Finding where our brain works with figures
Today my first grader saw the Roman numeral “III” alongside instructions about numbers, and assumed it was 111. It was a reminder that numbers are often dealt with through abstract representations of actual (or imaginary!) quantities. While counting quantities of objects can be done without being able to write about it, the way we read and understand numbers is still a work-in-progress. Two recent studies found some unexpected wrinkles in how, and where, our brain handles numbers.
Recognizing known numbers
With two hemispheres and many specialized structures, figuring out where our brains process numbers hasn’t been easy. There’s been a longstanding assumption that with many language functions being handled on the left side of the brain, numerical reasoning was left mostly to the right. Working with numbers isn’t a single function though, and it looks like just the act of reading numbers is processed in visual number form areas (NFAs) in both of the brain’s hemispheres. Similar to the act of deciphering written letters, fMRI scans of test subjects looking at familiar numerals as well as gibberish or modified characters showed that known numerals consistently activated areas at the underside of both the left and right temporal lobes, whereas other characters did not.
Sorting size on each side
This isn’t to say that mathematical concepts are equally distributed across our heads. A separate study looked at how our brains handle some basic numerical comparisons, and some biases between the two hemispheres were found. Researchers noted that in stroke victims who had lost functionality in one hemisphere or the other, basic comparisons between larger and smaller quantities seemed to be affected by where their brain damage had occurred. Rather than damage anyone, the scientists instead created a right/left bias by stimulating one hemisphere or the other in healthy patients. This was done with what’s called a caloric reflex test, which is a strange combination of viewing a horizontal or vertical line through marked goggles, and then dribbling hot or cold water into one ear. This is usually used for other diagnostic purposes, but it gave the researchers a way to create a temporary bias in participants’ cognition.

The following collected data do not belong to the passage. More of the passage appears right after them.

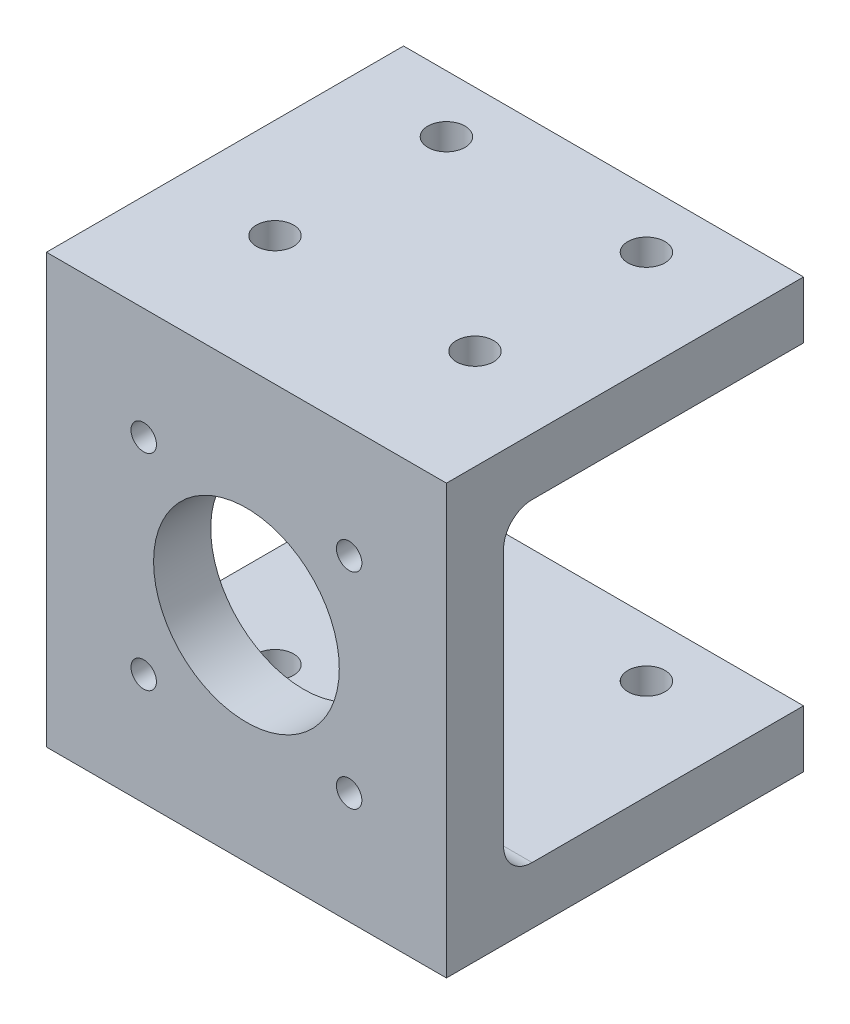
SolidWorks part; units mm, degrees
material "ABS"
ref_plane "Front Plane" through (0, 0, 0) normal (0, 0, 1) x (1, 0, 0)
ref_plane "Top Plane" through (0, 0, 0) normal (0, 1, 0) x (1, 0, 0)
ref_plane "Right Plane" through (0, 0, 0) normal (1, 0, 0) x (0, 0, -1)
sketch "Sketch1" plane through (0, 0, 0) normal (0, 0, 1) x (1, 0, 0)
  line L1 (-17.78, -19.05) -> (17.78, -19.05)
  line L2 (-17.78, -19.05) -> (-17.78, 19.05)
  line L3 (-17.78, 19.05) -> (17.78, 19.05)
  line L4 (17.78, -19.05) -> (17.78, 19.05)
  line L5 (-17.78, -19.05) -> (17.78, 19.05) construction
  line L6 (-17.78, 19.05) -> (17.78, -19.05) construction
  line L7 (-9.1313, -9.1313) -> (9.1313, -9.1313) construction
  line L8 (-9.1313, -9.1313) -> (-9.1313, 9.1313) construction
  line L9 (-9.1313, 9.1313) -> (9.1313, 9.1313) construction
  line L10 (9.1313, -9.1313) -> (9.1313, 9.1313) construction
  line L11 (-9.1313, -9.1313) -> (9.1313, 9.1313) construction
  line L12 (-9.1313, 9.1313) -> (9.1313, -9.1313) construction
  circle A0 centre (0, 0) radius 8.255
  circle A1 centre (-9.1313, 9.1313) radius 1.1303
  circle A2 centre (9.1313, 9.1313) radius 1.1303
  circle A3 centre (-9.1313, -9.1313) radius 1.1303
  circle A4 centre (9.1313, -9.1313) radius 1.1303
  point P0 (0, 0)
  dimension "D3" = 16.51
  dimension "D5" = 2.2606
  dimension "D1" = 38.1
  dimension "D2" = 35.56
  dimension "D4" = 18.2626
  dimension "D6" = 18.2626
extrude "Boss-Extrude with 4-40 Tap Drill Holes" add sketch "Sketch1" against normal mid plane 31.75
sketch "Sketch3" plane through (17.78, 0, 0) normal (1, 0, 0) x (0, 0, -1)
  line L0 (15.875, -19.05) -> (15.875, 19.05) construction
  line L1 (15.875, 13.97) -> (-10.795, 13.97)
  line L2 (15.875, 13.97) -> (15.875, -13.97)
  line L3 (15.875, -13.97) -> (-10.795, -13.97)
  line L4 (-10.795, 13.97) -> (-10.795, -13.97)
  line L5 (15.875, 19.05) -> (-15.875, 19.05) construction
  line L6 (15.875, -19.05) -> (-15.875, -19.05) construction
  line L7 (-15.875, -19.05) -> (-15.875, 19.05) construction
  dimension "D1" = 5.08
  dimension "D2" = 5.08
  dimension "D3" = 5.08
extrude "Cut-Extrude1" cut sketch "Sketch3" against normal up to next
fillet "Fillet1" radius 2.54 2 edges at (0, -13.97, 10.795) (0, 13.97, 10.795)
sketch "Sketch5" plane through (0, 19.05, 0) normal (0, 1, 0) x (1, 0, 0)
  line L4 (-17.78, 15.875) -> (-17.78, -8.255)
  line L5 (-17.78, 15.875) -> (-17.78, -8.255)
  line L6 (17.78, -8.255) -> (17.78, 15.875)
  line L7 (17.78, 15.875) -> (-17.78, 15.875)
  line L8 (-17.78, -8.255) -> (17.78, -8.255)
  line L9 (-17.78, -8.255) -> (17.78, -8.255)
  line L10 (17.78, -8.255) -> (17.78, 15.875)
  line L11 (17.78, 15.875) -> (-17.78, 15.875)
  circle A0 centre (-8.89, 10.795) radius 1.65
  circle A1 centre (8.89, 10.795) radius 1.65
  circle A2 centre (8.89, -4.445) radius 1.65
  circle A3 centre (-8.89, -4.445) radius 1.65
  dimension "D2" = 3.3
  dimension "D3" = 8.89
  dimension "D4" = 8.89
  dimension "D5" = 5.08
  dimension "D6" = 3.81
  dimension "D1" = 0
extrude "Clearance Holes for M3 Screw" cut sketch "Sketch5" against normal through all contours A0 | A3 | A2 | A1
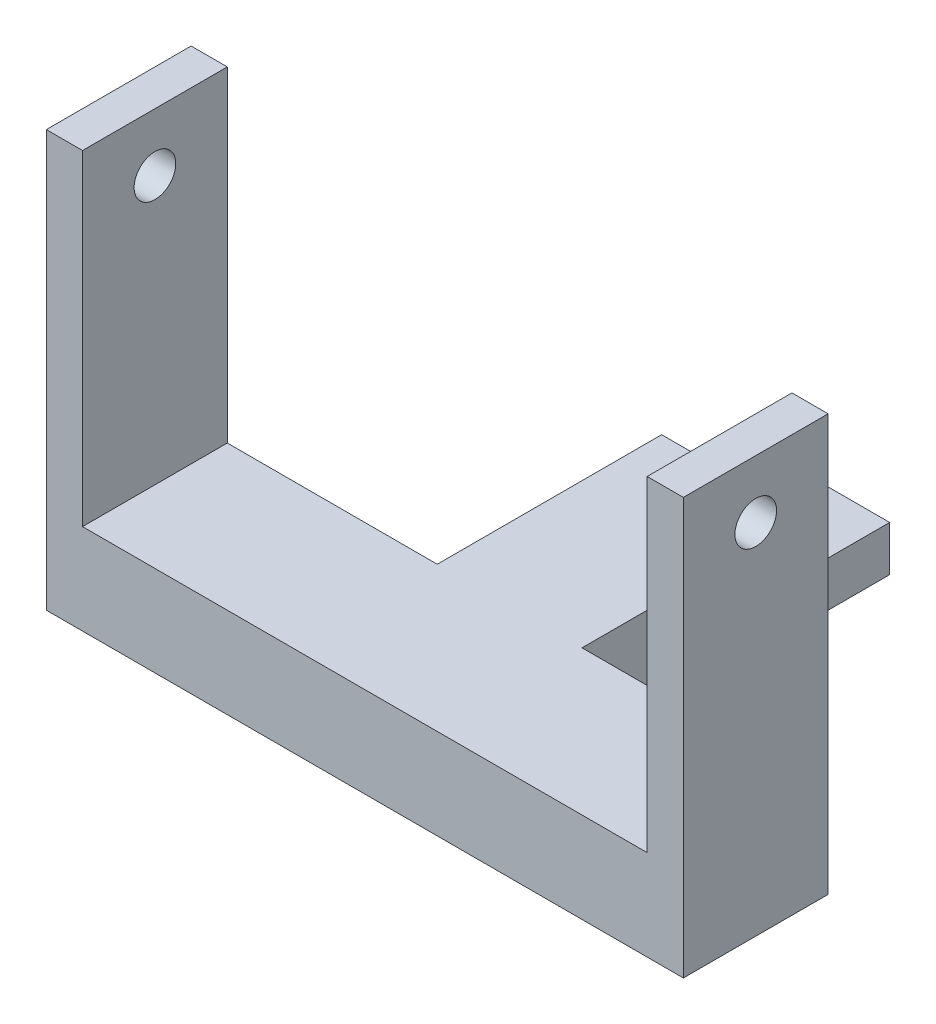
SolidWorks part; units mm, degrees
ref_plane "前视基准面" through (0, 0, 0) normal (0, 0, 1) x (1, 0, 0)
ref_plane "上视基准面" through (0, 0, 0) normal (0, 1, 0) x (1, 0, 0)
ref_plane "右视基准面" through (0, 0, 0) normal (1, 0, 0) x (0, 0, -1)
other "Configuration Table"
sketch "草图1" plane through (0, 0, 0) normal (0, 1, 0) x (1, 0, 0)
  line L1 (78, -20) -> (-78, -20)
  line L2 (78, -20) -> (78, 20)
  line L3 (78, 20) -> (-78, 20)
  line L4 (-78, -20) -> (-78, 20)
  line L5 (78, -20) -> (-78, 20) construction
  line L6 (78, 20) -> (-78, -20) construction
  point P0 (0, 0)
  dimension "D1" = 156
  dimension "D2" = 20
extrude "凸台-拉伸1" add sketch "草图1" along normal blind 20 contours L4 L3 L2 L1
sketch "草图2" plane through (-78, 0, 0) normal (-1, 0, 0) x (0, 0, 1)
  line L1 (-20, 20) -> (20, 20)
  line L2 (-20, 20) -> (-20, 0)
  line L3 (-20, 0) -> (20, 0)
  line L4 (20, 20) -> (20, 0)
extrude "凸台-拉伸2" add sketch "草图2" along normal blind 10 separate body
sketch "草图3" plane through (78, 0, 0) normal (1, 0, 0) x (0, 0, -1)
  line L1 (-20, 20) -> (20, 20)
  line L2 (-20, 20) -> (-20, 0)
  line L3 (-20, 0) -> (20, 0)
  line L4 (20, 20) -> (20, 0)
extrude "凸台-拉伸3" add sketch "草图3" along normal blind 10 separate body
sketch "草图4" plane through (0, 20, 0) normal (0, 1, 0) x (1, 0, 0)
  line L1 (-88, 20) -> (-78, 20)
  line L2 (-88, 20) -> (-88, -20)
  line L3 (-88, -20) -> (-78, -20)
  line L4 (-78, 20) -> (-78, -20)
extrude "凸台-拉伸4" add sketch "草图4" along normal blind 80
sketch "草图5" plane through (0, 20, 0) normal (0, 1, 0) x (1, 0, 0)
  line L1 (78, 20) -> (88, 20)
  line L2 (78, 20) -> (78, -20)
  line L3 (78, -20) -> (88, -20)
  line L4 (88, 20) -> (88, -20)
extrude "凸台-拉伸5" add sketch "草图5" along normal blind 80
sketch "草图6" plane through (-88, 0, 0) normal (-1, 0, 0) x (0, 0, 1)
  line L0 (0, 100) -> (0, 0) construction
  line L1 (-20, 100) -> (20, 100) construction
  line L2 (-20, 0) -> (20, 0) construction
  circle A0 centre (0, 84) radius 5.75
  dimension "D1" = 11.5
  dimension "D2" = 84
extrude "切除-拉伸1" cut sketch "草图6" against normal blind 194
sketch "草图7" plane through (0, 0, 0) normal (0, -1, 0) x (1, 0, 0)
  line L0 (-88, 20) -> (88, -20) construction
  line L1 (-88, -20) -> (88, 20) construction
  line L2 (88, 20) -> (-88, 20) construction
  line L3 (20, -20) -> (-20, -20)
  line L4 (20, -20) -> (20, 20)
  line L5 (20, 20) -> (-20, 20)
  line L6 (-20, -20) -> (-20, 20)
  line L7 (20, -20) -> (-20, 20) construction
  line L8 (20, 20) -> (-20, -20) construction
  point P8 (0, 0)
  dimension "D1" = 20
extrude "凸台-拉伸6" add sketch "草图7" along normal blind 15
sketch "草图8" plane through (0, 0, -20) normal (0, 0, -1) x (-1, 0, 0)
  line L1 (-20, -15) -> (20, -15)
  line L2 (-20, -15) -> (-20, 10)
  line L3 (-20, 10) -> (20, 10)
  line L4 (20, -15) -> (20, 10)
  dimension "D1" = 40
  dimension "D2" = 25
extrude "凸台-拉伸7" add sketch "草图8" along normal blind 85
sketch "草图9" plane through (-20, 0, 0) normal (-1, 0, 0) x (0, 0, 1)
  line L1 (-105, 10) -> (-82, 10)
  line L2 (-105, 10) -> (-105, -2.5)
  line L3 (-105, -2.5) -> (-82, -2.5)
  line L4 (-82, 10) -> (-82, -2.5)
  dimension "D1" = 23
  dimension "D2" = 12.5
extrude "切除-拉伸2" cut sketch "草图9" against normal blind 43 contours L2 L3 L4 L1
sketch "草图10" plane through (0, -2.5, 0) normal (0, 1, 0) x (1, 0, 0)
  line L0 (-20, 105) -> (20, 82) construction
  line L1 (-20, 82) -> (20, 105) construction
  circle A0 centre (0, 93.5) radius 2.1
  dimension "D1" = 4.2
extrude "切除-拉伸3" cut sketch "草图10" against normal blind 43
sketch "草图11" plane through (0, 0, 0) normal (0, -1, 0) x (1, 0, 0)
  line L1 (20, 20) -> (88, 20)
  line L2 (20, 20) -> (20, -20)
  line L3 (20, -20) -> (88, -20)
  line L4 (88, 20) -> (88, -20)
extrude "凸台-拉伸8" add sketch "草图11" along normal blind 15
sketch "草图12" plane through (0, 0, 0) normal (0, -1, 0) x (1, 0, 0)
  line L1 (-88, 20) -> (-20, 20)
  line L2 (-88, 20) -> (-88, -20)
  line L3 (-88, -20) -> (-20, -20)
  line L4 (-20, 20) -> (-20, -20)
extrude "凸台-拉伸9" add sketch "草图12" along normal blind 15
sketch "草图13" plane through (0, 20, 0) normal (0, 1, 0) x (1, 0, 0)
  line L1 (-78, 20) -> (78, 20)
  line L2 (-78, 20) -> (-78, -20)
  line L3 (-78, -20) -> (78, -20)
  line L4 (78, 20) -> (78, -20)
extrude "切除-拉伸4" cut sketch "草图13" against normal blind 10

Once activated, participants had some interesting biases in how they compared numbers. If the left side of the brain was stimulated, they’d favor higher numbers, while the right side of the brain seemed to pull people towards lower numbers. For example, if asked to pick a number at the midpoint of 50 to 100, active left hemispheres tended to select numbers above 75, while activated right hemispheres picked something below 65. The exact quantities weren’t the key here, but just the high-low comparisons. This was seen when the same test subjects were asked to draw analog clocks, and then drew either 1-6 or 7-12 in slightly larger, clearer characters correlating with whichever hemisphere was stimulated.
While people occasionally reveal this kind of preference without water in their ears, this research isn’t looking to help people predict each other’s favorite number. Aside from helping us piece together how the brain works with math in general, it also has applications for people with brain damage, helping us identify where the damage occurred and what functions will need to be treated.